Cornelius carried that mindset throughout her time at the College of Medicine and others noticed. At Friday nights’ awards ceremony the Alpha Omega Alpha and Gold Humanism Honor Society inductee was recognized as the Orlando Regional Campus Dean’s Award winner and one of eight American Medical Women’s Association’s Glasgow-Rubin Citation recipients for ranking in the top 10% of her class and demonstrating leadership, service and advocacy.
Dr. Alma Littles, dean of the College of Medicine, presented Cornelius the J. Ocie Harris Outstanding Student Award – the final award of the night – which recognizes the student who has shown the best all-around promise of becoming a physician of the highest caliber.

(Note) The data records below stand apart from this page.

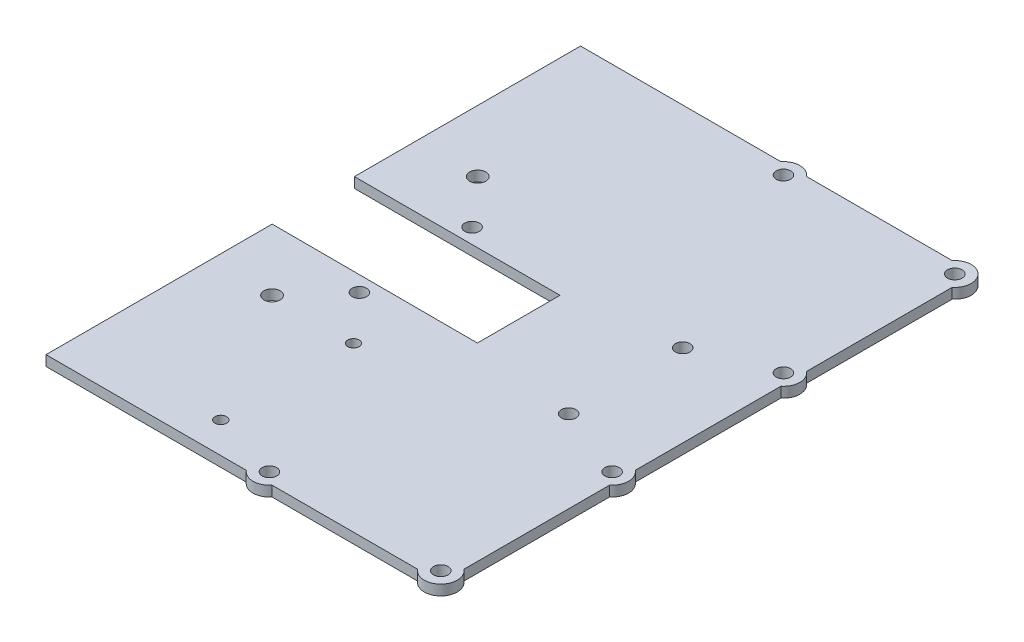
SolidWorks part; units mm, degrees
material "Aluminum"
ref_plane "Front Plane" through (0, 0, 0) normal (0, 0, 1) x (1, 0, 0)
ref_plane "Top Plane" through (0, 0, 0) normal (0, 1, 0) x (1, 0, 0)
ref_plane "Right Plane" through (0, 0, 0) normal (1, 0, 0) x (0, 0, -1)
sketch "Sketch1" plane through (0, 0, 0) normal (0, 1, 0) x (1, 0, 0)
  circle A0 centre (65.8401, 3.175) radius 2.2479
  circle A1 centre (118.7568, 3.175) radius 2.2479
  circle A2 centre (118.7568, 56.0917) radius 2.2479
  circle A3 centre (118.7568, 109.0083) radius 2.2479
  circle A4 centre (118.7568, 161.925) radius 2.2479
  circle A5 centre (65.8401, 161.925) radius 2.2479
  line B0 (0, 165.1) -> (61.8745, 165.1)
  line B1 (0, 95.25) -> (0, 165.1)
  line B2 (0, 69.85) -> (0, 0)
  line B3 (61.8745, 0) -> (0, 0)
  line B4 (114.7912, 0) -> (69.8057, 0)
  line B5 (121.9318, 52.1261) -> (121.9318, 7.1406)
  line B6 (121.9318, 105.0428) -> (121.9318, 60.0572)
  line B7 (121.9318, 157.9594) -> (121.9318, 112.9739)
  line B8 (69.8057, 165.1) -> (114.7912, 165.1)
  line B9 (0, 95.25) -> (63.5, 95.25)
  line B10 (63.5, 95.25) -> (63.5, 69.7245)
  line B11 (63.5, 69.7245) -> (0, 69.85)
  arc B12 (69.8057, 165.1) -> (61.8745, 165.1) centre (65.8401, 161.925) ccw
  arc B13 (61.8745, 0) -> (69.8057, 0) centre (65.8401, 3.175) ccw
  arc B14 (114.7912, 0) -> (121.9318, 7.1406) centre (118.7568, 3.175) ccw
  arc B15 (121.9318, 52.1261) -> (121.9318, 60.0572) centre (118.7568, 56.0917) ccw
  arc B16 (121.9318, 105.0428) -> (121.9318, 112.9739) centre (118.7568, 109.0083) ccw
  arc B17 (121.9318, 157.9594) -> (114.7912, 165.1) centre (118.7568, 161.925) ccw
  dimension "D1" = 4.4958
sketch_block_instance "Block-bottomplate-1"
sketch_block "Block-bottomplate" parameters "D1"=63.5, "D2"=69.85
extrude "Boss-Extrude1" add sketch "Sketch1" along normal blind 3.175
sketch "Sketch2" plane through (0, 0, 0) normal (0, -1, 0) x (1, 0, 0)
  line L0 (63.5, -69.7245) -> (0, -69.85) construction
  line L1 (0, -95.25) -> (63.5, -95.25) construction
  line L2 (0, -165.1) -> (0, -95.25) construction
  line L3 (0, -65.0875) -> (121.9318, -64.8465) construction
  line L4 (0, -69.85) -> (0, 0) construction
  line L5 (121.9318, -60.0572) -> (121.9318, -105.0428) construction
  line L6 (121.9318, -82.55) -> (63.5, -82.4872) construction
  line L7 (63.5, -95.25) -> (63.5, -69.7245) construction
  circle A0 centre (19.05, -50.7623) radius 2.4892
  circle A1 centre (19.05, -114.3) radius 2.4892
  circle A2 centre (31.75, -65.0247) radius 2.2479
  circle A3 centre (96.5318, -64.8967) radius 2.2479
  circle A4 centre (96.4939, -100.1487) radius 2.2479
  circle A5 centre (31.7126, -99.8815) radius 2.2479
  dimension "D3" = 4.9784
  dimension "D5" = 4.4958
  dimension "D6" = 4.4958
  dimension "D1" = 19.05
  dimension "D2" = 19.05
  dimension "D4" = 19.05
  dimension "D7" = 4.7625
  dimension "D8" = 31.75
  dimension "D9" = 25.4
extrude "Cut-Extrude1" cut sketch "Sketch2" against normal through all
sketch "Sketch3" plane through (0, 3.175, 0) normal (0, 1, 0) x (1, 0, 0)
  line L1 (0, 69.85) -> (0, 0) construction
  line L2 (0, 0) -> (61.8745, 0) construction
  circle A0 centre (44.45, 9.525) radius 1.778
  circle A1 centre (44.45, 50.525) radius 1.778
  point P8 (0, 0)
  dimension "D1" = 3.556
  dimension "D2" = 3.556
  dimension "D3" = 41
  dimension "D4" = 9.525
  dimension "D5" = 44.45
extrude "Cut-Extrude2" cut sketch "Sketch3" against normal through all
equation "\"Unit Measure\"= \"BoundingVolume\" / \"Thickness\"'in^2"

“People ask me, ‘Why are you like this? Why are you so nice and kind and focused? Why do you know this information?” she explained. “For me, it is loving and caring, and that feels like my mission and my ministry to others; to learn this information well, to care for people well, to help them feel seen and heard and loved at the end of the day.”
Bridge graduate Shawn Franklin, who has already earned praise from faculty for his compassionate clinical care skills, was locked in throughout Dr. Speights’ commencement address.
“I'm excited about today, but more excited to get started with the M.D. class,” said Franklin, who will join his Bridge classmates back on campus to begin their four-year journey May 26. “[Bridge] was a great experience. We're all pretty close; we just have each other. We're a tight-knit family here and I think that made a difference.”